Si tomamos la historia como guía… Son bastante altas.

A principios de 1994, el índice de aprobación de Bill Clinton después de dos años en el cargo rondaba el sombrío 40%. Las primeras elecciones de mitad de período de la presidencia de Clinton fueron un desastre total.

Una nueva generación de republicanos más jóvenes y conservadores, liderados por el incendiario Newt Gingrich y su “Contrato con América”, dio a los republicanos una mayoría en la Cámara de Representantes por primera vez en 40 años. Los republicanos también obtuvieron ocho escaños en el Senado en 1994 para tomar el control mayoritario de ambas cámaras del Congreso.

No es de extrañar que los republicanos pensaran que la elección presidencial de 1996 sería un triunfo de los republicanos. Pero los republicanos nominaron a Bob Dole, un líder del Senado de 73 años de edad, un partido sobrio pero poco inspirado en Washington.

En septiembre de 1996, el “chico que retorna” Clinton tenía un índice de aprobación de Gallup del 60 por ciento. Dole fue aplastado por un derrumbe del Colegio Electoral.

A Barack Obama se le dio un pronóstico igualmente desalentador después de los parciales de 2010, cuando los demócratas perdieron 63 escaños en la Cámara de Representantes y seis en el Senado. Los republicanos recuperaron el control mayoritario de la Cámara, aunque los demócratas se aferraron a una estrecha mayoría en el Senado. En ese momento, Obama tenía un índice de aprobación a mediados de los años 40.

Los republicanos una vez más pensaron que Obama sería un presidente de un solo mandato. Sin embargo, nominaron a un candidato similar a Dole en las elecciones de 2012. El candidato republicano Mitt Romney tenía poco atractivo para la base conservadora de los republicanos y era fácilmente caricaturizado por la izquierda como perteneciente a una élite al alcance de pocos.

A finales de 2012, el índice de aprobación de Obama se mantuvo constantemente en o por encima del 50 por ciento, y terminó derrotando fácilmente a Romney.

¿Cuál es la importancia de estas historias de resurgimientos para Trump, que tuvo un mejor resultado a mitad de período que Clinton u Obama y unos índices de aprobación igualmente bajos?

El pueblo, no las encuestas, elige presidentes.

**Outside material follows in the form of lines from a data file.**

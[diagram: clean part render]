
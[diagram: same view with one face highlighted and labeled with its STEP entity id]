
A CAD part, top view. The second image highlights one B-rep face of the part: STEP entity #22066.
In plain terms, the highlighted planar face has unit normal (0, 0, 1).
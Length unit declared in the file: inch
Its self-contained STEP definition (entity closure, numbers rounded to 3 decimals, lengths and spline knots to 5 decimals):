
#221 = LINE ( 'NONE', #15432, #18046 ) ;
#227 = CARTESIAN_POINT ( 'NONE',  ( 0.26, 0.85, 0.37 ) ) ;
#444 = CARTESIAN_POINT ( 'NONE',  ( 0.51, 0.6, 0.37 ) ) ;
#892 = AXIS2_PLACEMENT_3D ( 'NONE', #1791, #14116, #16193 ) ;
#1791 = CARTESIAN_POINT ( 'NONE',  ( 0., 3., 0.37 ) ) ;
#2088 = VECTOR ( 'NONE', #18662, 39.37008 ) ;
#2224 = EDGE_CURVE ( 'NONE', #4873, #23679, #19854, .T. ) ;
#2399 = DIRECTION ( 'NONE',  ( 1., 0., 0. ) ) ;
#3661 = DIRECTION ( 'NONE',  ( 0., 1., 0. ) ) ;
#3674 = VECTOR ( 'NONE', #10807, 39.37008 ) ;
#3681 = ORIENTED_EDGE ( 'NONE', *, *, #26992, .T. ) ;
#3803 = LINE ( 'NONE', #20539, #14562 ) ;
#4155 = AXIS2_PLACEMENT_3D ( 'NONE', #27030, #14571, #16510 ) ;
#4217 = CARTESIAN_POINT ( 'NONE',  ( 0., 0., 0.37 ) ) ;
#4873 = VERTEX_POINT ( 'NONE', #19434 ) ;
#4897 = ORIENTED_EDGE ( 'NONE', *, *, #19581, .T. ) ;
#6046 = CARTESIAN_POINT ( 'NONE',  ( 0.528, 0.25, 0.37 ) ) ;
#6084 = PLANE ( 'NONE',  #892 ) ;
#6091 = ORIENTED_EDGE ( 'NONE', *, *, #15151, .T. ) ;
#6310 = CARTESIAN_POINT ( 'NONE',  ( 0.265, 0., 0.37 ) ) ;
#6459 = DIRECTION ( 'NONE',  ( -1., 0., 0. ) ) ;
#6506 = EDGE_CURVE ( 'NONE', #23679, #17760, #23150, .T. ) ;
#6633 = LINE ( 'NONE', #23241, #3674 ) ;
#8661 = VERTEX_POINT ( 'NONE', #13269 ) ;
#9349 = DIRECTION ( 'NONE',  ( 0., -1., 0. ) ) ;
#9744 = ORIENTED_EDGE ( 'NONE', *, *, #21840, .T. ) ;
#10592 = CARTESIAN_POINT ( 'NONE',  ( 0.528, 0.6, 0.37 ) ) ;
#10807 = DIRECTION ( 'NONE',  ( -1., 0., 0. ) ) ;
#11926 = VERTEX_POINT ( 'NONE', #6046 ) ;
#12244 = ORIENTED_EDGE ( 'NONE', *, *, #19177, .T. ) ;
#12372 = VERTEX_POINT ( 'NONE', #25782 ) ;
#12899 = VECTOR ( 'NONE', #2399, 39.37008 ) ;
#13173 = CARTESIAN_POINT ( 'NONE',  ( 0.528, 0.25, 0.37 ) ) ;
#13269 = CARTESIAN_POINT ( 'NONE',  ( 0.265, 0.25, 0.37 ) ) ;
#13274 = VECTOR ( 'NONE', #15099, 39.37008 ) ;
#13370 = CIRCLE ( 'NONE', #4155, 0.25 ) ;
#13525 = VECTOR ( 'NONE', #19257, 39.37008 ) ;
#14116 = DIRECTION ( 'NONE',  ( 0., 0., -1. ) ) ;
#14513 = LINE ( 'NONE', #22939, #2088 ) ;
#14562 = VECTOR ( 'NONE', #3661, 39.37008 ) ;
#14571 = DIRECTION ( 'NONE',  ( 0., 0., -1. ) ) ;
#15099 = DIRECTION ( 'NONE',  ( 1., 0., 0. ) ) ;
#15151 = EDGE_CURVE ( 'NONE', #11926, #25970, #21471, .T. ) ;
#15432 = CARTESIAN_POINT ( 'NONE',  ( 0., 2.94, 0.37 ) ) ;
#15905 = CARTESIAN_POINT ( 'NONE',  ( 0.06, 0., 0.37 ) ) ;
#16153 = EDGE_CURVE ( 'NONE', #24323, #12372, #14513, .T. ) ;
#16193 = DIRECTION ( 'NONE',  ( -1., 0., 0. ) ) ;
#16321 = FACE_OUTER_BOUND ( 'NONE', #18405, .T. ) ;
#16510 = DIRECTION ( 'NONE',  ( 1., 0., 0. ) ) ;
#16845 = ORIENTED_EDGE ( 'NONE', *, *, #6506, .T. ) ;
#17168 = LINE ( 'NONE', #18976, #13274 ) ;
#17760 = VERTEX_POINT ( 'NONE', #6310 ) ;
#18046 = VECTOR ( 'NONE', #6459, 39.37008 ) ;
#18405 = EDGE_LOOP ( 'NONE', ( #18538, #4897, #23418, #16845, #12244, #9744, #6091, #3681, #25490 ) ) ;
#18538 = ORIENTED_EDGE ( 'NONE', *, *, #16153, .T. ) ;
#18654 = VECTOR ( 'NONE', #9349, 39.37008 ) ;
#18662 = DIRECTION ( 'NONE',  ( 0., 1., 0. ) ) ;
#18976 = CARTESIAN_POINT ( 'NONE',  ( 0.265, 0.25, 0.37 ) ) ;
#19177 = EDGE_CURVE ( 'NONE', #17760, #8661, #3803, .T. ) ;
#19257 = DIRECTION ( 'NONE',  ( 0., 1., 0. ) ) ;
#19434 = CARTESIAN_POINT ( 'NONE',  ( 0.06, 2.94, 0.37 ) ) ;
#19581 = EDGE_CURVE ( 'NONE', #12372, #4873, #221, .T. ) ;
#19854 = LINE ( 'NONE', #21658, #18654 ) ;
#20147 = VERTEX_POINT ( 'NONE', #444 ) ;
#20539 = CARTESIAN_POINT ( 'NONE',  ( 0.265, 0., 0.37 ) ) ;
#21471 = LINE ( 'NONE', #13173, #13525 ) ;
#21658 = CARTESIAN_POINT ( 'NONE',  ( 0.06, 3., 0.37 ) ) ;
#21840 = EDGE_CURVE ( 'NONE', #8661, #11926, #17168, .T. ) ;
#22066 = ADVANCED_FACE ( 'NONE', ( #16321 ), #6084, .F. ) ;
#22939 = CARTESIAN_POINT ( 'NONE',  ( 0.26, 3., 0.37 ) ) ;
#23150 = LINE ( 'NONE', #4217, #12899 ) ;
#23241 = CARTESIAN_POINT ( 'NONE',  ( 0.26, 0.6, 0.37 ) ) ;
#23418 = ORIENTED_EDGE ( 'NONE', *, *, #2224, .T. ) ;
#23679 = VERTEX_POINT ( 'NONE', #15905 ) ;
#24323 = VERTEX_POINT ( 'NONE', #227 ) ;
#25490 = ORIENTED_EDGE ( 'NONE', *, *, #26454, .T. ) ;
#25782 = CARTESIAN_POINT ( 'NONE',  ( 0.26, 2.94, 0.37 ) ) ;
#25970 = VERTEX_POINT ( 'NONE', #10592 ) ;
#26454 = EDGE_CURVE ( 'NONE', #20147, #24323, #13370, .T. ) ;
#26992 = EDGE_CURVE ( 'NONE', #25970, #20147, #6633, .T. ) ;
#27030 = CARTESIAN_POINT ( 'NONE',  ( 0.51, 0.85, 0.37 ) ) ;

Los presidentes se presentan a la reelección contra oponentes reales, no contra las percepciones del público. A pesar de todo el bombo mediático, los votantes a menudo eligen el menor de los dos males, no sus ideales de un candidato perfecto.

No tenemos ni idea de cómo será la economía o el mundo en el extranjero en 2020. Y nadie sabe qué pensará el país del nuevo Congreso controlado por los demócratas dentro de dos años.

El público ha estado escuchando mucho de los representantes radicales de la nueva Cámara como Alexandria Ocasio-Cortez, D-N.Y., y Rashida Tlaib, D-Mich. Sus promesas de entregar “Medicare para todos”, de eliminar gradualmente los combustibles fósiles y de abolir el servicio de Inmigración y Control de Aduanas se reciben ocasionalmente con sarcasmo. Tlaib recientemente usó la blasfemia para interrumpir con su deseo de ver a Trump impugnado.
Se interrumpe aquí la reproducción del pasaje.